Exercise aim:
Please find the lines in the following records that hold "construction", and copy them.

── Material supplied

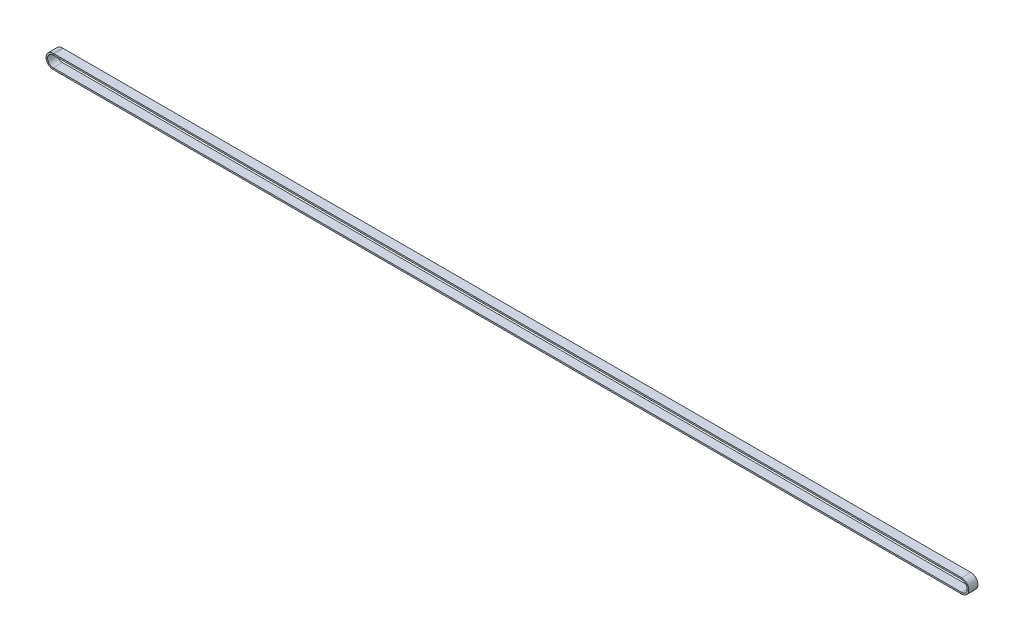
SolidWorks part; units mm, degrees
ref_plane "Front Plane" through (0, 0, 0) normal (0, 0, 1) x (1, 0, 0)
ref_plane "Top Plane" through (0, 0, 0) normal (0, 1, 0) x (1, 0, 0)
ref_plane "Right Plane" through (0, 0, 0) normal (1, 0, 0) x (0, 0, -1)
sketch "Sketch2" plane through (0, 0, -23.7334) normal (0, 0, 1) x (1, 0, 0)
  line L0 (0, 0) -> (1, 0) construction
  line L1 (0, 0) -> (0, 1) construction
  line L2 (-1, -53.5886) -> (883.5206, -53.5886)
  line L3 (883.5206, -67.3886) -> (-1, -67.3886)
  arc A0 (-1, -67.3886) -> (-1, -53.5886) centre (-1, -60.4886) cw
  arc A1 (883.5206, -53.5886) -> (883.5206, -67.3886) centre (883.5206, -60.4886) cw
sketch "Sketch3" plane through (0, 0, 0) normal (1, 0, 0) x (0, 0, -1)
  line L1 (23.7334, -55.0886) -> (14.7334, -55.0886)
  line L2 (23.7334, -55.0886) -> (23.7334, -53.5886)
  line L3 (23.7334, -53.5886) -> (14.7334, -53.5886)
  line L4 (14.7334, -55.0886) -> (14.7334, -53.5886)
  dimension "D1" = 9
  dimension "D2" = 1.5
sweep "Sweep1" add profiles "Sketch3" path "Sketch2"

────

Exercise output:
  line L0 (0, 0) -> (1, 0) construction
  line L1 (0, 0) -> (0, 1) construction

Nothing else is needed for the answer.